I whipped up a Twi’lek dancer, started her off on Tatooine (I wanted to hear that sweet jizz music while I danced), and set to work paying off my bounty hunter’s equivalent to student loans. Unfortunately, as a newbie to the dancing gig, I quickly realized that I wasn’t attracting any customers. Being so low level, my dancing wasn’t able to heal battle fatigue or pass on bonus effects as effectively as the more seasoned entertainers, and I could only entertain one person at a time. Not to be dissuaded, I simply moved my act to the privacy of the Cantina’s kitchen area and started practicing until I was ready for the big time. At first, I was willing to grind this out manually, but after a while, I came to understand that doing so would have taken hours more than I had as a busy student. So I set up some macros, and for the first time ever, I left my computer on overnight to power-level a character. It wasn’t blowing up bad guys that gave me my first experience as a “power-gamer,” but dancing in a club.


swgdancing


The result of my “training” was a respected addition to the Mos Eisley Cantina scene. Because practically everyone in the Galaxies community required the service entertainers provided, we found ourselves rather appreciated by the other players. Tips weren’t mandatory, but few people rarely stole free entertainment. I quickly attracted a clientele and the creds started flowing in at a fairly steady rate. I even had a few regulars. Once, a guy actually asked me out on a date. When I told him my age, he politely apologized and left me to my business.


And that’s what it was: a successful business. Outside was a universe full of Rancors and AT-ST Walkers, but rather than adventuring, I decided to engage in local business.

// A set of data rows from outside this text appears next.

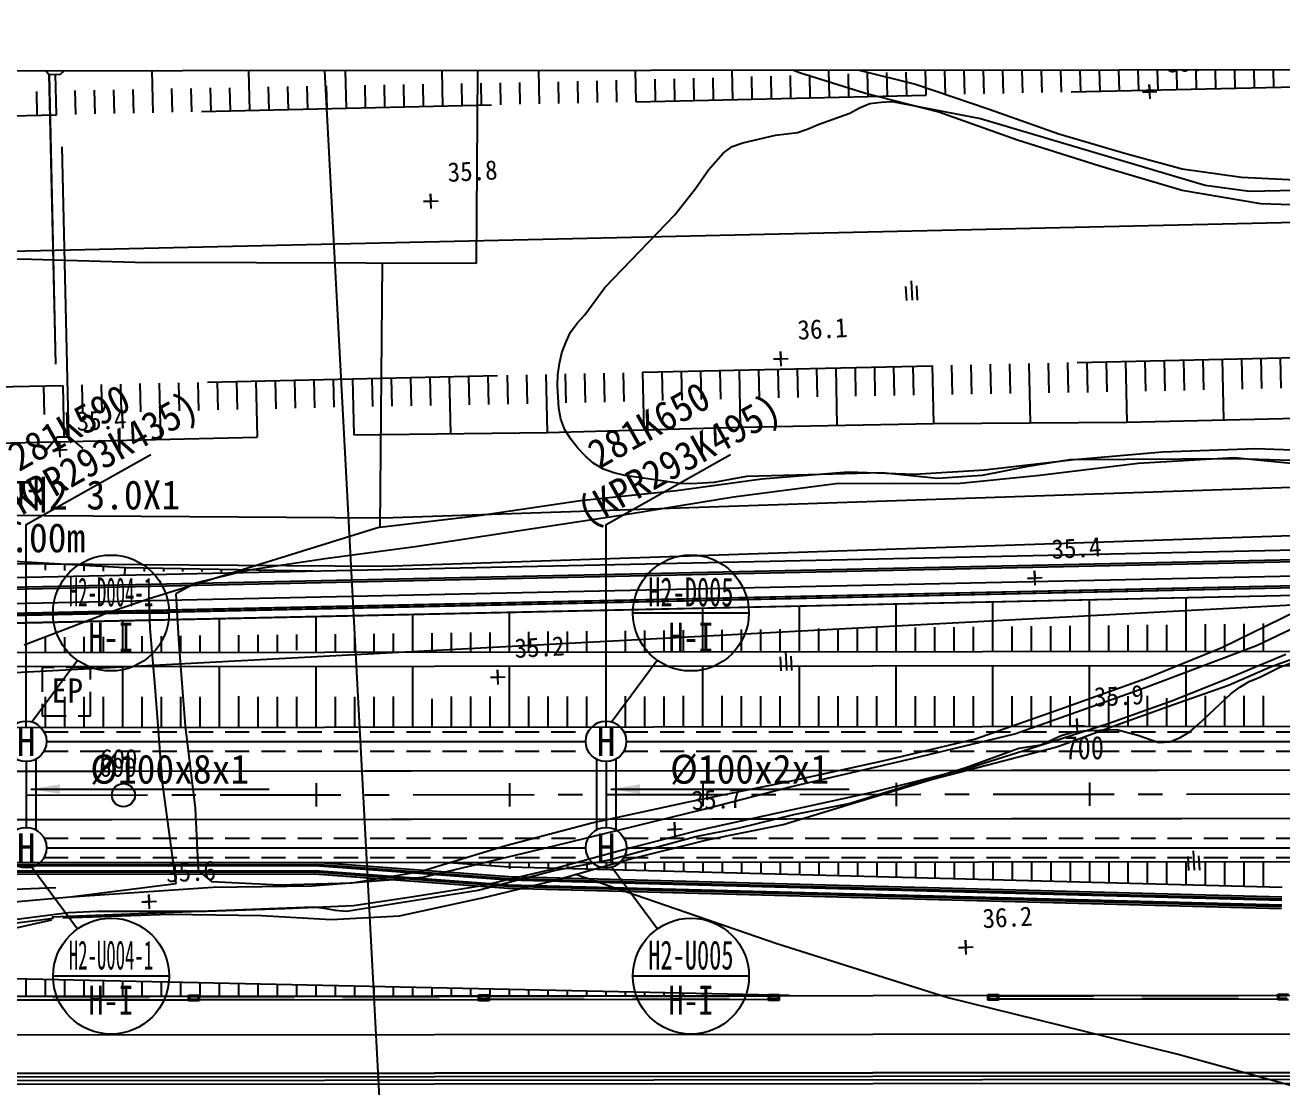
# Model space of a CAD drawing. Header units: millimetres. Extents: x 11366 to 12162, y 1103 to 1810.
# Drawn here: x 11909 to 12039.1, y 1457.4 to 1567.2 of the extents above; entities that cross this region are included whole.
import ezdxf
from ezdxf.enums import TextEntityAlignment as Align
from ezdxf.xclip import XClip

# ---------------------------------------------------------------- set-up
doc = ezdxf.new("R2010")
doc.units = ezdxf.units.MM
doc.header["$LTSCALE"] = 10
doc.header["$MEASUREMENT"] = 0
doc.header["$XCLIPFRAME"] = 2
for name, pattern in [('CENTER', [2, 1.25, -0.25, 0.25, -0.25]), ('DASHEDX2', [1.5, 1, -0.5]), ('HIDDEN', [0.375, 0.25, -0.125])]:
    doc.linetypes.add(name, pattern=pattern)
for name, color, linetype in [('TN-MANH', 4, 'Continuous'), ('TT-COMM-SYMB', 3, 'Continuous'), ('TZ-BASE', 253, 'Continuous'), ('TZ-CABL', 4, 'Continuous')]:
    doc.layers.add(name, color=color, linetype=linetype)
doc.layers.add('TX-PAPR', color=2, linetype='Continuous', plot=False)
doc.styles.add('GR', font='GulimChe.ttf')
doc.styles.get("Standard").update_dxf_attribs({"font": 'GulimChe.ttf'})
doc.linetypes.add('ZIGZAG', pattern='A,0.0001,-0.2,[131,ltypeshp.shx,S=0.2,R=0,X=-0.2,Y=0],-0.4,[131,ltypeshp.shx,S=0.2,R=180,X=0.2,Y=0],-0.2', length=0.8001)
doc.dimstyles.get("Standard").update_dxf_attribs({"dimtxt": 0.18, "dimasz": 0.18, "dimexe": 0.18, "dimexo": 0.0625, "dimgap": 0.09, "dimtad": 0, "dimtih": 1, "dimtoh": 1, "dimdec": 4, "dimzin": 0, "dimdsep": 46, "dimtxsty": 'Standard', "dimcen": 0.09, "dimadec": 0, "dimazin": 0, "dimtfac": 1, "dimtdec": 4, "dimtofl": 0, "dimtmove": 0, "dimatfit": 3, "dimfxl": 0, "dimtolj": 1, "dimtzin": 0, "dimarcsym": 0})

# ---------------------------------------------------------------- blocks, each defined once
blk = doc.blocks.new('JD-DFXGDFH6CHF')
at = {"layer": 'TZ-BASE'}
for p, q in [((517.53, 137.22), (536.11, -212.64)), ((536.65, 78.05, 35.93), (536.52, 55.46, 35.93)), ((569.97, 75.18, 36.27), (566.02, 76.78, 36.27)), ((574.86, 75.75, 35.72), (581.97, 74, 35.72)), ((576.67, 73.07, 36.27), (569.97, 75.18, 36.27)), ((584.37, 71.09, 36.27), (576.67, 73.07, 36.27)), ((581.97, 74, 35.72), (589.57, 71.4, 35.72)), ((605.44, 73.18, 35.63), (606.93, 73.26, 35.63)), ((606.19, 73.22, 35.63), (605.44, 73.18, 35.63)), ((606.23, 72.47, 35.63), (606.15, 73.97, 35.63)), ((606.15, 73.97, 35.63), (606.19, 73.22, 35.63)), ((575.15, 71, 36), (576.16, 71.57, 36)), ((576.16, 71.57, 36), (577.25, 71.99, 36)), ((577.25, 71.99, 36), (578.39, 72.15, 36)), ((578.39, 72.15, 36), (579.56, 72.2, 36)), ((579.56, 72.2, 36), (588.7, 70.45, 36)), ((571.89, 69.84, 36), (575.15, 71, 36)), ((592.4, 68.23, 36.27), (584.37, 71.09, 36.27)), ((588.7, 70.45, 36), (611.93, 63.54, 36)), ((589.57, 71.4, 35.72), (596.79, 68.86, 35.72)), ((567.47, 68.72, 36), (569.75, 69, 36)), ((569.75, 69, 36), (570.84, 69.38, 36)), ((570.84, 69.38, 36), (571.89, 69.84, 36)), ((562.99, 67.56, 36), (564.08, 67.94, 36)), ((564.08, 67.94, 36), (567.47, 68.72, 36)), ((601.04, 65.52, 36.27), (592.4, 68.23, 36.27)), ((596.79, 68.86, 35.72), (603.73, 66.84, 35.72)), ((560.53, 65.14, 36), (562.06, 66.88, 36)), ((562.06, 66.88, 36), (562.99, 67.56, 36)), ((603.73, 66.84, 35.72), (609.54, 65.24, 35.72)), ((559.19, 63.22, 36), (560.53, 65.14, 36)), ((609.55, 62.99, 36.27), (601.04, 65.52, 36.27)), ((609.54, 65.24, 35.72), (615.7, 64.37, 35.72)), ((615.7, 64.37, 35.72), (622, 64.08, 35.72)), ((531.86, 61.15, 35.8), (531.78, 62.65, 35.8)), ((531.78, 62.65, 35.8), (531.82, 61.9, 35.8)), ((557.05, 60.47, 36), (559.19, 63.22, 36)), ((617.68, 61.63, 36.27), (609.55, 62.99, 36.27)), ((611.93, 63.54, 36), (616.52, 62.95, 36)), ((616.52, 62.95, 36), (630.49, 63.19, 36)), ((283.45, 52.05), (699.95, 61.53)), ((531.07, 61.86, 35.8), (532.57, 61.94, 35.8)), ((531.82, 61.9, 35.8), (531.07, 61.86, 35.8)), ((626.07, 61.34, 36.27), (617.68, 61.63, 36.27)), ((549.8, 52.96, 36), (557.05, 60.47, 36)), ((459.22, 56, 36.19), (490.5, 55.91, 36.19)), ((490.5, 55.91, 36.19), (502.38, 55.55, 36.19)), ((536.52, 55.46, 35.93), (502.38, 55.55, 35.93)), ((526.78, 55.48, 35.93), (526.53, 28.18, 35.93)), ((581.5, 53.67, 35.97), (581.61, 51.66, 35.97)), ((547.74, 50.14, 36), (549.8, 52.96, 36)), ((580.94, 53.08, 35.97), (581.02, 51.63, 35.97)), ((582.17, 51.67, 35.97), (582.09, 53.14, 35.97)), ((546.97, 49.27, 36), (547.74, 50.14, 36)), ((545.79, 47.28, 36), (546.28, 48.33, 36)), ((546.28, 48.33, 36), (546.97, 49.27, 36)), ((545.37, 46.2, 36), (545.79, 47.28, 36)), ((545.11, 45.09, 36), (545.37, 46.2, 36)), ((567.27, 45.55, 36.11), (568.77, 45.63, 36.11)), ((568.02, 45.59, 36.11), (567.27, 45.55, 36.11)), ((568.06, 44.84, 36.11), (567.98, 46.34, 36.11)), ((567.98, 46.34, 36.11), (568.02, 45.59, 36.11)), ((544.97, 43.94, 36), (545.11, 45.09, 36)), ((544.93, 42.79, 36), (544.97, 43.94, 36)), ((545.06, 40.48, 36), (544.93, 42.79, 36)), ((545.26, 39.34, 36), (545.06, 40.48, 36)), ((545.68, 38.25, 36), (545.26, 39.34, 36)), ((546.29, 37.29, 36), (545.68, 38.25, 36)), ((493.46, 35.4, 35.42), (493.38, 36.9, 35.42)), ((493.38, 36.9, 35.42), (493.42, 36.15, 35.42)), ((547.01, 36.36, 36), (546.29, 37.29, 36)), ((492.67, 36.11, 35.42), (494.17, 36.19, 35.42)), ((493.42, 36.15, 35.42), (492.67, 36.11, 35.42)), ((547.8, 35.52, 36), (547.01, 36.36, 36)), ((548.67, 34.75, 36), (547.8, 35.52, 36)), ((589.11, 34.1, 36.27), (598.39, 35.18, 36.27)), ((597.94, 35.12, 36), (593.4, 34.41, 36)), ((615.26, 35.25, 36), (597.94, 35.12, 36)), ((598.39, 35.18, 36.27), (607.5, 35.98, 36.27)), ((614.92, 35.36, 35.59), (605, 34.75, 35.59)), ((607.5, 35.98, 36.27), (617.16, 36.32, 36.27)), ((623.25, 34.53, 35.59), (614.92, 35.36, 35.59)), ((624.42, 34.96, 36), (615.26, 35.25, 36)), ((617.16, 36.32, 36.27), (624.6, 36.03, 36.27)), ((549.68, 34.18, 36), (548.67, 34.75, 36)), ((550.76, 33.8, 36), (549.68, 34.18, 36)), ((566.06, 33.17, 36.27), (574.98, 33.9, 36.27)), ((574.98, 33.9, 36.27), (581.89, 33.67, 36.27)), ((581.89, 33.67, 36.27), (589.11, 34.1, 36.27)), ((593.4, 34.41, 36), (588.86, 33.52, 36)), ((605, 34.75, 35.59), (594.84, 33.52, 35.59)), ((551.88, 33.5, 36), (550.76, 33.8, 36)), ((557.62, 32.69, 36), (551.88, 33.5, 36)), ((557.23, 31.96, 36.27), (566.06, 33.17, 36.27)), ((558.77, 32.66, 36), (557.62, 32.69, 36)), ((561.09, 32.79, 36), (558.77, 32.66, 36)), ((564.49, 33.42, 36), (561.09, 32.79, 36)), ((573.7, 32.67, 35.59), (563.13, 31.27, 35.59)), ((578.49, 33.8, 36), (564.49, 33.42, 36)), ((579.68, 32.7, 35.59), (573.7, 32.67, 35.59)), ((584.23, 33.22, 36), (578.49, 33.8, 36)), ((586.23, 32.65, 35.59), (579.68, 32.7, 35.59)), ((588.86, 33.52, 36), (584.23, 33.22, 36)), ((594.84, 33.52, 35.59), (586.23, 32.65, 35.59)), ((547.29, 30.93, 36.27), (557.23, 31.96, 36.27)), ((563.13, 31.27, 35.59), (552.38, 29.52, 35.59)), ((536.77, 29.38, 36.27), (547.29, 30.93, 36.27)), ((526.53, 28.18, 36.27), (536.77, 29.38, 36.27)), ((552.38, 29.52, 35.59), (541.24, 27.84, 35.59)), ((481.15, 22.79), (699.98, 27.53)), ((481.15, 22.8), (699.95, 27.53)), ((526.53, 28.18, 35.93), (502.67, 20.75, 35.93)), ((541.24, 27.84, 35.59), (530.19, 26.12, 35.59)), ((530.19, 26.12, 35.59), (520.87, 24.88, 35.59)), ((439.96, 19.21), (699.95, 24.83)), ((500.17, 23.95), (479.95, 25.13)), ((500.17, 23.95), (479.95, 25.13)), ((520.87, 24.88, 35.59), (512.8, 23.69, 35.59)), ((699.42, 24.27), (0.01, -12.87)), ((489.95, 22.99), (489.95, 24.55)), ((489.95, 22.98), (489.95, 24.54)), ((491.95, 23.73), (491.95, 24.43)), ((491.95, 23.73), (491.95, 24.43)), ((493.95, 23.69), (493.95, 24.31)), ((493.95, 23.69), (493.95, 24.31)), ((495.95, 23.66), (495.95, 24.2)), ((495.95, 23.65), (495.95, 24.19)), ((497.95, 23.62), (497.95, 24.08)), ((497.95, 23.62), (497.95, 24.08)), ((500.16, 23.21), (500.17, 23.95)), ((500.16, 23.21), (500.17, 23.95)), ((519.59, 23.63), (500.17, 23.95)), ((519.59, 23.63), (500.17, 23.95)), ((502.17, 23.58), (502.17, 23.92)), ((502.17, 23.58), (502.17, 23.92)), ((504.17, 23.59), (504.17, 23.89)), ((504.17, 23.59), (504.17, 23.89)), ((506.17, 23.59), (506.17, 23.86)), ((506.17, 23.6), (506.17, 23.86)), ((512.8, 23.69, 35.59), (507.48, 22.39, 35.59)), ((508.17, 23.6), (508.17, 23.82)), ((508.17, 23.6), (508.17, 23.82)), ((510.16, 23.42), (510.17, 23.79)), ((510.17, 23.42), (510.17, 23.79)), ((512.17, 23.47), (512.17, 23.76)), ((512.17, 23.47), (512.17, 23.76)), ((514.17, 23.51), (514.17, 23.73)), ((514.17, 23.51), (514.17, 23.72)), ((516.17, 23.55), (516.17, 23.69)), ((516.17, 23.55), (516.17, 23.69)), ((594.34, 22.16, 35.44), (594.26, 23.66, 35.44)), ((594.26, 23.66, 35.44), (594.3, 22.91, 35.44)), ((507.48, 22.39, 35.59), (505.43, 21.28, 35.59)), ((593.55, 22.87, 35.44), (595.05, 22.95, 35.44)), ((594.3, 22.91, 35.44), (593.55, 22.87, 35.44)), ((505.43, 21.28, 35.59), (505.75, 16.03, 35.59)), ((609.95, 15.32), (609.95, 20.88)), ((609.95, 15.32), (609.95, 20.88)), ((502.67, 20.75, 35.93), (497.84, 19.1, 35.93)), ((502.79, 17.67, 35.93), (502.67, 20.75, 35.93)), ((549.95, 15.26), (549.95, 19.58)), ((549.95, 15.27), (549.95, 19.58)), ((569.95, 15.28), (569.95, 20.02)), ((569.95, 15.28), (569.95, 20.01)), ((579.95, 15.29), (579.95, 20.23)), ((579.95, 15.29), (579.95, 20.23)), ((589.95, 15.3), (589.95, 20.45)), ((589.95, 15.3), (589.95, 20.45)), ((599.95, 15.31), (599.95, 20.66)), ((599.95, 15.31), (599.95, 20.66)), ((617.23, 15.94, 34.84), (626.13, 20.17, 34.84)), ((489.75, 16.01, 36.02), (497.84, 19.1, 36.02)), ((489.95, 15.21), (489.95, 18.29)), ((489.95, 15.21), (489.95, 18.28)), ((499.95, 15.22), (499.95, 18.5)), ((499.95, 15.22), (499.95, 18.5)), ((509.95, 15.23), (509.95, 18.59)), ((509.95, 15.23), (509.95, 18.59)), ((519.95, 15.24), (519.95, 18.78)), ((519.95, 15.25), (519.95, 18.78)), ((529.95, 15.24), (529.95, 19.15)), ((529.95, 15.25), (529.95, 19.15)), ((539.95, 15.26), (539.95, 19.37)), ((539.95, 15.25), (539.95, 19.36)), ((613.65, 15.73, 35.59), (621.43, 19.5, 35.59)), ((503.29, 11.64, 35.93), (502.79, 17.67, 35.93)), ((503.95, 15.22), (503.95, 16.91)), ((505.95, 15.22), (505.95, 16.93)), ((505.95, 15.23), (505.95, 16.93)), ((507.95, 15.22), (507.95, 16.95)), ((507.95, 15.23), (507.95, 16.95)), ((511.95, 15.23), (511.95, 17)), ((511.95, 15.23), (511.95, 16.99)), ((513.95, 15.23), (513.95, 17.02)), ((513.95, 15.23), (513.95, 17.02)), ((515.95, 15.23), (515.95, 17.04)), ((515.95, 15.23), (515.95, 17.04)), ((517.95, 15.43), (517.95, 17.06)), ((517.95, 15.43), (517.95, 17.06)), ((521.95, 15.24), (521.95, 17.11)), ((521.95, 15.24), (521.95, 17.11)), ((523.95, 15.24), (523.95, 17.13)), ((523.95, 15.24), (523.95, 17.13)), ((525.95, 15.24), (525.95, 17.15)), ((525.95, 15.24), (525.95, 17.15)), ((527.95, 15.25), (527.95, 17.18)), ((527.95, 15.24), (527.95, 17.17)), ((531.95, 15.25), (531.95, 17.22)), ((531.95, 15.25), (531.95, 17.22)), ((533.95, 15.25), (533.95, 17.24)), ((533.95, 15.25), (533.95, 17.24)), ((535.95, 15.25), (535.95, 17.27)), ((535.95, 15.25), (535.95, 17.26)), ((537.95, 15.25), (537.95, 17.29)), ((537.95, 15.25), (537.95, 17.29)), ((541.95, 15.26), (541.95, 17.33)), ((541.95, 15.26), (541.95, 17.33)), ((543.95, 15.26), (543.95, 17.36)), ((543.95, 15.26), (543.95, 17.35)), ((545.95, 15.26), (545.95, 17.38)), ((545.95, 15.26), (545.95, 17.38)), ((547.95, 15.26), (547.95, 17.4)), ((547.95, 15.26), (547.95, 17.4)), ((551.95, 15.26), (551.94, 17.44)), ((551.95, 15.27), (551.95, 17.45)), ((553.95, 15.27), (553.94, 17.47)), ((553.95, 15.27), (553.95, 17.47)), ((555.95, 15.27), (555.94, 17.49)), ((555.95, 15.27), (555.95, 17.49)), ((557.95, 15.27), (557.94, 17.51)), ((557.95, 15.27), (557.95, 17.51)), ((561.95, 15.27), (561.95, 17.56)), ((561.95, 15.28), (561.95, 17.56)), ((563.95, 15.28), (563.95, 17.58)), ((563.95, 15.28), (563.95, 17.58)), ((565.95, 15.28), (565.95, 17.6)), ((565.95, 15.28), (565.95, 17.6)), ((567.95, 15.28), (567.95, 17.63)), ((567.95, 15.28), (567.95, 17.62)), ((571.95, 15.28), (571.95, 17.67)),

This may sound like the most boring way to experience Star Wars, but it actually made me feel something few other MMOs have: it made the world feel alive.


Raph Koster, the former creative director for Star Wars Galaxies, summed this up well when talking about the game’s early days for an article over on Gamasutra:


“But the game was shaping up…Players had formed governments…Entertainers were going on tour…People were building supply chain empires and businesses with hundreds of employees.”


an interconnected society of not only heroes, but also shopkeepers, hairstylists, and local bands

True, I didn’t abandon my bounty hunter. I wasn’t about to pass up a game that let me hunt down other players. But doing so did require primo equipment. Thankfully, I had my little side-operation to keep me funded. Being a bounty hunter made me feel like I was exploring the Star Wars universe, but being an entertainer made that universe feel worth exploring. If the recent Star Wars: Battlefront is a diorama of Star Wars, then Galaxies felt like a living, breathing world. It was full of players with their own individual playstyles and goals, each relying on people from different strata of society to help them succeed. This is where the tagline “Live in the Star Wars universe” took its shape. As a player in Galaxies, you weren’t necessarily trying to save the world. That was Luke Skywalker’s job. You were just an average person living one of any number of possible lives. You were part of an interconnected society of not only heroes, but also shopkeepers, hairstylists, and local bands.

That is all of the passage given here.